Aim of the exercise:
What lines in the records include the string "with"? Return each one.

Excerpted data:
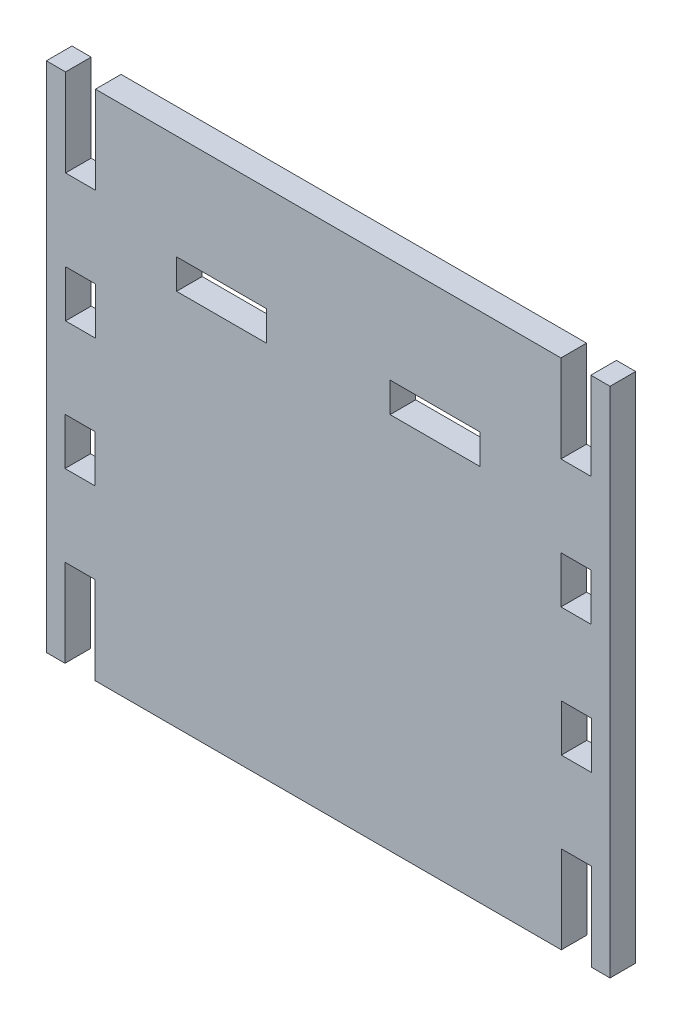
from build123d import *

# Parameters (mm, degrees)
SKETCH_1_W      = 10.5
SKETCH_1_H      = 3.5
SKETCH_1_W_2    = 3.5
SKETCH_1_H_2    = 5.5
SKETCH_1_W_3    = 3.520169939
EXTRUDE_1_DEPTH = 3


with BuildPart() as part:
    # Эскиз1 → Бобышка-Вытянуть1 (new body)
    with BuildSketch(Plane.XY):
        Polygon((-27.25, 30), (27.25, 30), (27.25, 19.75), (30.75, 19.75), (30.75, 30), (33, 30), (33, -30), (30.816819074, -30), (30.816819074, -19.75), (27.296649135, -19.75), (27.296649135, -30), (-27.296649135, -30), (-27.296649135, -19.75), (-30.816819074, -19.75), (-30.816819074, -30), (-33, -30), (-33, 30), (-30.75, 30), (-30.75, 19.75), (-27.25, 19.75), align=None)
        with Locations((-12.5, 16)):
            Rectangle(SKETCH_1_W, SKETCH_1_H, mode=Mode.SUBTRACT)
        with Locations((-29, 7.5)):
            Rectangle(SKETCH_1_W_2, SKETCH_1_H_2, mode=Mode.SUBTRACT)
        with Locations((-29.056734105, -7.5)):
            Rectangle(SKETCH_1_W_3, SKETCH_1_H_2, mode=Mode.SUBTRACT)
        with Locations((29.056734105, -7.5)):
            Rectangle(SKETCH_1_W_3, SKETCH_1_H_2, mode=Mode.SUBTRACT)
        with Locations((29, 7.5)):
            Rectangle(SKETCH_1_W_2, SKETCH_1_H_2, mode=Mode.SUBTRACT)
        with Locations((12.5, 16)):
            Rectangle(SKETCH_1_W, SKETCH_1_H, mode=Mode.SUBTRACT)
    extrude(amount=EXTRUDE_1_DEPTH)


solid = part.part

Task solution:
with BuildPart() as part:
    with BuildSketch(Plane.XY):
        with Locations((-12.5, 16)):
        with Locations((-29, 7.5)):
        with Locations((-29.056734105, -7.5)):
        with Locations((29.056734105, -7.5)):
        with Locations((29, 7.5)):
        with Locations((12.5, 16)):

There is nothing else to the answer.